I’ve noticed, though, that many developers aren’t aware that when your app trips an ANR, Android helpfully provides a lovely thread dump. Looking over it can tell you precisely what’s going on and what blocked the main thread.  It will make your life a ton easier when you’re fighting against pesky ANR conditions.

Let’s look at an example! The whole example app here is up on Github so you can run it on your own side and explore the ANR traces.

void triggerAnrWithLongOperation() {  
    try {
        Thread.sleep(30*1000);
    } catch (InterruptedException e) {

    }
}

This code here is a first-class ticket to ANR-ville. When you run it, pay close attention to your logcat:

02-28 12:07:20.418  1534  1539 I art     : Wrote stack traces to '/data/anr/traces.txt' 02-28 12:07:21.885  1534  1548 E ActivityManager: ANR in com.example.anrdemo (com.example.anrdemo/.MainActivity)  

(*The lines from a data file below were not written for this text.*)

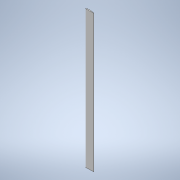
# Autodesk Inventor part: propeller mould
Saved by Autodesk Inventor 2022 (Build 260153000, 153)
## iProperties
Created: 2021-03-18
Part Number: propeller mould
Material: Generic
Document SubType Name: Modeling
Designer: Ferdinand Hubbard
Density: 1 g/cm^3
Appearance: Default
Author: Ferdinand Hubbard
Autodesk Inventor part; units mm, degrees
ref_plane "YZ Plane" through (0, 0, 0) normal (1, 0, 0) x (0, 1, 0)
ref_plane "XZ Plane" through (0, 0, 0) normal (0, 1, 0) x (-1, 0, 0)
ref_plane "XY Plane" through (0, 0, 0) normal (0, 0, 1) x (1, 0, 0)
sketch "Sketch1" plane through (0, 0, 0) normal (0, 1, 0) x (-1, 0, 0)
  spline S0 degree 4 poles (-20, -0.026) (-19.0708, -0.2726) (-18.7785, -0.3708) (-16.3038, -0.9518) (-14.0016, -1.3452) (-12.0127, -1.6501) (-9.9945, -1.8449) (-8.2771, -1.9864) (-6.0795, -1.9741) (-5.1588, -1.9078) (-3.9991, -1.7707) (-3.1236, -1.6222) (-2.043, -1.3459) (-1.5545, -1.1707) (-1.0588, -0.9994) (-0.4556, -0.6494) (-0.3069, -0.5813) (0.2019, 0.0183) (-0.2953, 0.3258) (-0.4703, 0.3919) (-1.0736, 0.5287) (-1.5612, 0.5489) (-2.0538, 0.585) (-3.1352, 0.5788) (-4.0054, 0.5528) (-5.163, 0.4897) (-6.0814, 0.4494) (-8.2744, 0.3427) (-9.9901, 0.2837) (-12.0046, 0.1963) (-13.9946, 0.1269) (-16.2883, 0.0656) (-18.7703, 0.0275) (-19.0701, 0.0421) (-20, 0) knots 0 0 0 0 0 0.079488 0.116387 0.156095 0.195698 0.235222 0.271815 0.305519 0.336384 0.364476 0.390648 0.414949 0.437473 0.456817 0.476263 0.494879 0.511872 0.529944 0.547796 0.566284 0.588116 0.611934 0.637786 0.665681 0.696468 0.730146 0.766712 0.806164 0.845613 0.885058 0.921612 1 1 1 1 1
  line L0 (-20, 0) -> (-20, -0.026)
  point P0 (0, 0)
  point P1 (-19, -0.294)
  point P2 (-18, -0.542)
  point P3 (-16, -0.978)
  point P4 (-14, -1.338)
  point P5 (-12, -1.628)
  point P6 (-10, -1.838)
  point P7 (-8, -1.96)
  point P8 (-6, -1.952)
  point P9 (-5, -1.882)
  point P10 (-4, -1.76)
  point P11 (-3, -1.578)
  point P12 (-2, -1.318)
  point P13 (-1.5, -1.152)
  point P14 (-1, -0.946)
  point P15 (-0.5, -0.678)
  point P16 (-0.25, -0.488)
  point P17 (0, 0)
  point P18 (-0.25, 0.286)
  point P19 (-0.5, 0.39)
  point P20 (-1, 0.498)
  point P21 (-1.5, 0.548)
  point P22 (-2, 0.572)
  point P23 (-3, 0.576)
  point P24 (-4, 0.548)
  point P25 (-5, 0.5)
  point P26 (-6, 0.452)
  point P27 (-8, 0.36)
  point P28 (-10, 0.28)
  point P29 (-12, 0.2)
  point P30 (-14, 0.13)
  point P31 (-16, 0.078)
  point P32 (-18, 0.044)
  point P33 (-19, 0.032)
  constraints: 2 end point, 1 vertical, 35 other
sketch "Sketch2" plane through (0, 0, 0) normal (0, 0, 1) x (1, 0, 0)
  line L0 (0, 0) -> (0, 330)
  dimension "d0" = 330
  constraints: 2 end point, 1 vertical
  measures "d0" distance of L0.start L0.end
sweep "Sweep1" add profiles "Sketch1" path "Sketch2"
body "Solid1"

The Android framework writes you a set of thread stack traces to local storage so you can debug your problem. Let’s get a look at what it says.

"main" prio=5 tid=1 Sleeping
 | group="main" sCount=1 dsCount=0 obj=0x7507a710 self=0x7fcbdd47ba00
 | sysTid=14659 nice=0 cgrp=default sched=0/0 handle=0x7fcbe0e00200
 | state=S schedstat=( 0 0 0 ) utm=6 stm=5 core=1 HZ=100
 | stack=0x7fff98589000-0x7fff9858b000 stackSize=8MB
 | held mutexes=
 at java.lang.Thread.sleep!(Native method)
 - sleeping on <0x04612486> (a java.lang.Object)
 at java.lang.Thread.sleep(Thread.java:1031)
 - locked <0x04612486> (a java.lang.Object)
 at java.lang.Thread.sleep(Thread.java:985)
 at com.example.anrdemo.MainActivity.triggerAnrWithLongRun(MainActivity.java:30)

So now we’ve found our main thread, and we’re sleeping, which is causing the problem.  We even get a stack trace that makes it easy to see where this is coming from.

Now obviously in the real-world our ANRs aren’t caused by simple sleep calls.  We may be accidentally running network operations on the main thread, or more insidiously, we may find ourselves in thread deadlock situations.  Dealing with deadlock due to buggy concurrent code is where the ANR traces really shine.

Let’s take a look at this method call.  Here’s some bad buggy code that illustrates a contrived deadlock situation:

void triggerDeadlock() {

    final CountDownLatch countDown = new CountDownLatch(1);

    HandlerThread handlerThread = new HandlerThread("Deadlocker");
    handlerThread.start();
    Handler handler = new Handler(handlerThread.getLooper());
    handler.post(new Runnable() {
        @Override
        public void run() {

            // this thread obtains a lock on the MainActivity instance and sits on it. That's bad.
            synchronized(MainActivity.this) {
                countDown.countDown();
                try {
                    Thread.sleep(30*1000);
                } catch (InterruptedException e) {
                }
            }
        }
    });

    // this runs on the main thread
    // await to make sure we don't try running this until the lock is 
    // obtained
    try {
        countDown.await();
    } catch (InterruptedException e) {
    }

    synchronized (this) {
        Log.v(TAG, "Hello world from the main thread");
    }
}

So we’ll spin off a second HandlerThread, which then obtains a lock on the MainActivity and sleeps.  Then, back in our main thread, we’ll try to obtain a lock on ourselves, which will end up having to wait for our HandlerThread’s sleep to finish.  Ultimately Android will trip an ANR before the sleep finishes.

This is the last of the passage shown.